Fourth, we need to prepare for a world where agents are ubiquitous. This isn't science fiction; it's an impending reality. As the number of agents grows exponentially, society, the economy, and the law will all need to adapt. We need to establish new frameworks to manage interactions between agents and ensure their behavior aligns with human values.
Fifth, and most importantly, human connection remains central to all technological changes. AI can make us more efficient, but it cannot replace relationships and emotional connections between people. In a world where machines take over cognitive work, what will truly be valuable are those unique human qualities: creativity, empathy, curiosity, and adaptability.
I believe we are witnessing history. The cognitive revolution will profoundly change the world like the Industrial Revolution, only on a larger scale and at a faster pace. This is both exciting and awe-inspiring. We have a responsibility to ensure that this revolution benefits all of humanity, not just a select few. This requires the collective effort of all of us, the participation of technology experts, policymakers, entrepreneurs, and ordinary citizens.
Sequoia's speech was very inspiring, but it also raised many questions.

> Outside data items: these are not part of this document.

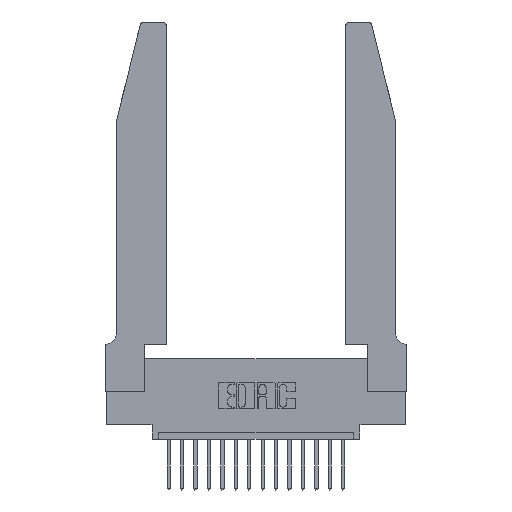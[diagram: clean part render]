
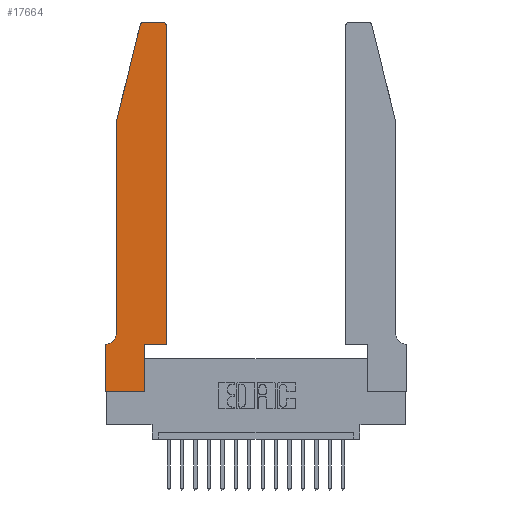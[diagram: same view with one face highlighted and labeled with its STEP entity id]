
A CAD part, top view. The second image highlights one B-rep face of the part: STEP entity #17664.
In plain terms, the highlighted planar face has unit normal (0, 0, 1).
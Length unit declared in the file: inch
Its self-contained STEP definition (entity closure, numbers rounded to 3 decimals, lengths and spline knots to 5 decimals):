
#41 = CARTESIAN_POINT ( 'NONE',  ( 0.0055, 0.35, 0.37 ) ) ;
#336 = DIRECTION ( 'NONE',  ( -1., 0., 0. ) ) ;
#634 = EDGE_CURVE ( 'NONE', #5556, #18562, #10754, .T. ) ;
#783 = EDGE_CURVE ( 'NONE', #3052, #7503, #3589, .T. ) ;
#877 = VECTOR ( 'NONE', #18525, 39.37008 ) ;
#1016 = EDGE_CURVE ( 'NONE', #6034, #7472, #14164, .T. ) ;
#1165 = AXIS2_PLACEMENT_3D ( 'NONE', #6906, #19203, #2947 ) ;
#1180 = VERTEX_POINT ( 'NONE', #10455 ) ;
#1597 = PLANE ( 'NONE',  #2873 ) ;
#2006 = CARTESIAN_POINT ( 'NONE',  ( 0.284, 2.75, 0.37 ) ) ;
#2353 = CARTESIAN_POINT ( 'NONE',  ( 0.0755, 0.35, 0.37 ) ) ;
#2873 = AXIS2_PLACEMENT_3D ( 'NONE', #10588, #7543, #12049 ) ;
#2898 = CARTESIAN_POINT ( 'NONE',  ( 0.2865, 0.35, 0.37 ) ) ;
#2947 = DIRECTION ( 'NONE',  ( -1., 0., 0. ) ) ;
#3052 = VERTEX_POINT ( 'NONE', #2898 ) ;
#3053 = LINE ( 'NONE', #6545, #18101 ) ;
#3283 = ORIENTED_EDGE ( 'NONE', *, *, #8863, .T. ) ;
#3589 = LINE ( 'NONE', #14506, #14929 ) ;
#3853 = VERTEX_POINT ( 'NONE', #41 ) ;
#4022 = CARTESIAN_POINT ( 'NONE',  ( 0.0755, 2., 0.37 ) ) ;
#4273 = CARTESIAN_POINT ( 'NONE',  ( 0.284, 2.72, 0.37 ) ) ;
#4688 = CARTESIAN_POINT ( 'NONE',  ( 0.4205, 2.72, 0.37 ) ) ;
#4776 = VERTEX_POINT ( 'NONE', #8420 ) ;
#4938 = VECTOR ( 'NONE', #336, 39.37008 ) ;
#4961 = ORIENTED_EDGE ( 'NONE', *, *, #18572, .T. ) ;
#5271 = CARTESIAN_POINT ( 'NONE',  ( 0., 0., 0.37 ) ) ;
#5556 = VERTEX_POINT ( 'NONE', #6150 ) ;
#5562 = CARTESIAN_POINT ( 'NONE',  ( 0., 0., 0.37 ) ) ;
#5880 = DIRECTION ( 'NONE',  ( 0., -1., 0. ) ) ;
#5937 = ORIENTED_EDGE ( 'NONE', *, *, #13167, .T. ) ;
#5942 = CARTESIAN_POINT ( 'NONE',  ( 0.0755, 2., 0.37 ) ) ;
#6018 = DIRECTION ( 'NONE',  ( 0., 0., 1. ) ) ;
#6034 = VERTEX_POINT ( 'NONE', #2006 ) ;
#6150 = CARTESIAN_POINT ( 'NONE',  ( 0., 0.35, 0.37 ) ) ;
#6298 = EDGE_CURVE ( 'NONE', #7503, #12622, #3053, .T. ) ;
#6530 = LINE ( 'NONE', #19171, #12340 ) ;
#6545 = CARTESIAN_POINT ( 'NONE',  ( 0.4505, 0.35, 0.37 ) ) ;
#6712 = DIRECTION ( 'NONE',  ( -0.239, -0.971, 0. ) ) ;
#6735 = EDGE_CURVE ( 'NONE', #3853, #5556, #12672, .T. ) ;
#6906 = CARTESIAN_POINT ( 'NONE',  ( 0.0055, 0.42, 0.37 ) ) ;
#6975 = DIRECTION ( 'NONE',  ( 0., -1., 0. ) ) ;
#7262 = VERTEX_POINT ( 'NONE', #4022 ) ;
#7472 = VERTEX_POINT ( 'NONE', #16097 ) ;
#7503 = VERTEX_POINT ( 'NONE', #11433 ) ;
#7543 = DIRECTION ( 'NONE',  ( 0., 0., 1. ) ) ;
#8420 = CARTESIAN_POINT ( 'NONE',  ( 0.2865, 0., 0.37 ) ) ;
#8599 = VERTEX_POINT ( 'NONE', #8925 ) ;
#8727 = DIRECTION ( 'NONE',  ( 1., 0., 0. ) ) ;
#8863 = EDGE_CURVE ( 'NONE', #12622, #1180, #12845, .T. ) ;
#8875 = LINE ( 'NONE', #13602, #4938 ) ;
#8925 = CARTESIAN_POINT ( 'NONE',  ( 0.0755, 0.42, 0.37 ) ) ;
#9743 = DIRECTION ( 'NONE',  ( 1., 0., 0. ) ) ;
#10354 = EDGE_CURVE ( 'NONE', #4776, #3052, #6530, .T. ) ;
#10398 = LINE ( 'NONE', #5271, #12910 ) ;
#10455 = CARTESIAN_POINT ( 'NONE',  ( 0.4205, 2.75, 0.37 ) ) ;
#10588 = CARTESIAN_POINT ( 'NONE',  ( 0., 0.35, 0.37 ) ) ;
#10690 = ORIENTED_EDGE ( 'NONE', *, *, #634, .T. ) ;
#10738 = CARTESIAN_POINT ( 'NONE',  ( 0., 0., 0.37 ) ) ;
#10754 = LINE ( 'NONE', #5562, #17048 ) ;
#11433 = CARTESIAN_POINT ( 'NONE',  ( 0.4505, 0.35, 0.37 ) ) ;
#11901 = DIRECTION ( 'NONE',  ( 1., 0., 0. ) ) ;
#12049 = DIRECTION ( 'NONE',  ( 1., 0., 0. ) ) ;
#12340 = VECTOR ( 'NONE', #14731, 39.37008 ) ;
#12451 = CIRCLE ( 'NONE', #1165, 0.07 ) ;
#12622 = VERTEX_POINT ( 'NONE', #17274 ) ;
#12647 = LINE ( 'NONE', #5942, #15228 ) ;
#12672 = LINE ( 'NONE', #2353, #877 ) ;
#12845 = CIRCLE ( 'NONE', #16046, 0.03 ) ;
#12910 = VECTOR ( 'NONE', #9743, 39.37008 ) ;
#12934 = EDGE_CURVE ( 'NONE', #7472, #7262, #13156, .T. ) ;
#13156 = LINE ( 'NONE', #14064, #18993 ) ;
#13167 = EDGE_CURVE ( 'NONE', #8599, #3853, #12451, .T. ) ;
#13602 = CARTESIAN_POINT ( 'NONE',  ( 0.2605, 2.75, 0.37 ) ) ;
#14064 = CARTESIAN_POINT ( 'NONE',  ( 0.0755, 2., 0.37 ) ) ;
#14164 = CIRCLE ( 'NONE', #15677, 0.03 ) ;
#14249 = EDGE_CURVE ( 'NONE', #18562, #4776, #10398, .T. ) ;
#14506 = CARTESIAN_POINT ( 'NONE',  ( 0.4505, 0.35, 0.37 ) ) ;
#14731 = DIRECTION ( 'NONE',  ( 0., 1., 0. ) ) ;
#14807 = ORIENTED_EDGE ( 'NONE', *, *, #14249, .T. ) ;
#14929 = VECTOR ( 'NONE', #16043, 39.37008 ) ;
#14943 = ORIENTED_EDGE ( 'NONE', *, *, #12934, .T. ) ;
#15165 = EDGE_CURVE ( 'NONE', #7262, #8599, #12647, .T. ) ;
#15228 = VECTOR ( 'NONE', #5880, 39.37008 ) ;
#15275 = ORIENTED_EDGE ( 'NONE', *, *, #6735, .T. ) ;
#15677 = AXIS2_PLACEMENT_3D ( 'NONE', #4273, #16148, #8727 ) ;
#15789 = ORIENTED_EDGE ( 'NONE', *, *, #783, .T. ) ;
#15875 = ORIENTED_EDGE ( 'NONE', *, *, #6298, .T. ) ;
#16043 = DIRECTION ( 'NONE',  ( 1., 0., 0. ) ) ;
#16046 = AXIS2_PLACEMENT_3D ( 'NONE', #4688, #6018, #11901 ) ;
#16097 = CARTESIAN_POINT ( 'NONE',  ( 0.25487, 2.72718, 0.37 ) ) ;
#16148 = DIRECTION ( 'NONE',  ( 0., 0., 1. ) ) ;
#16701 = ORIENTED_EDGE ( 'NONE', *, *, #10354, .T. ) ;
#16963 = DIRECTION ( 'NONE',  ( 0., 1., 0. ) ) ;
#17048 = VECTOR ( 'NONE', #6975, 39.37008 ) ;
#17274 = CARTESIAN_POINT ( 'NONE',  ( 0.4505, 2.72, 0.37 ) ) ;
#17664 = ADVANCED_FACE ( 'NONE', ( #18397 ), #1597, .T. ) ;
#18101 = VECTOR ( 'NONE', #16963, 39.37008 ) ;
#18397 = FACE_OUTER_BOUND ( 'NONE', #18878, .T. ) ;
#18525 = DIRECTION ( 'NONE',  ( -1., 0., 0. ) ) ;
#18562 = VERTEX_POINT ( 'NONE', #10738 ) ;
#18572 = EDGE_CURVE ( 'NONE', #1180, #6034, #8875, .T. ) ;
#18693 = ORIENTED_EDGE ( 'NONE', *, *, #1016, .T. ) ;
#18878 = EDGE_LOOP ( 'NONE', ( #4961, #18693, #14943, #18946, #5937, #15275, #10690, #14807, #16701, #15789, #15875, #3283 ) ) ;
#18946 = ORIENTED_EDGE ( 'NONE', *, *, #15165, .T. ) ;
#18993 = VECTOR ( 'NONE', #6712, 39.37008 ) ;
#19171 = CARTESIAN_POINT ( 'NONE',  ( 0.2865, 0.35, 0.37 ) ) ;
#19203 = DIRECTION ( 'NONE',  ( 0., 0., -1. ) ) ;

Are we ready for this future? Can our education system, legal framework, and social structure keep up with the pace of change? How can we ensure that we don't lose our humanity while pursuing efficiency? These are all questions we need to seriously consider and discuss.
Whatever the answer, one thing is clear: the car has arrived, but it's not a faster horse. We need to learn how to drive this car, how to build a better car, and most importantly, how to ensure this car leads us to a better future.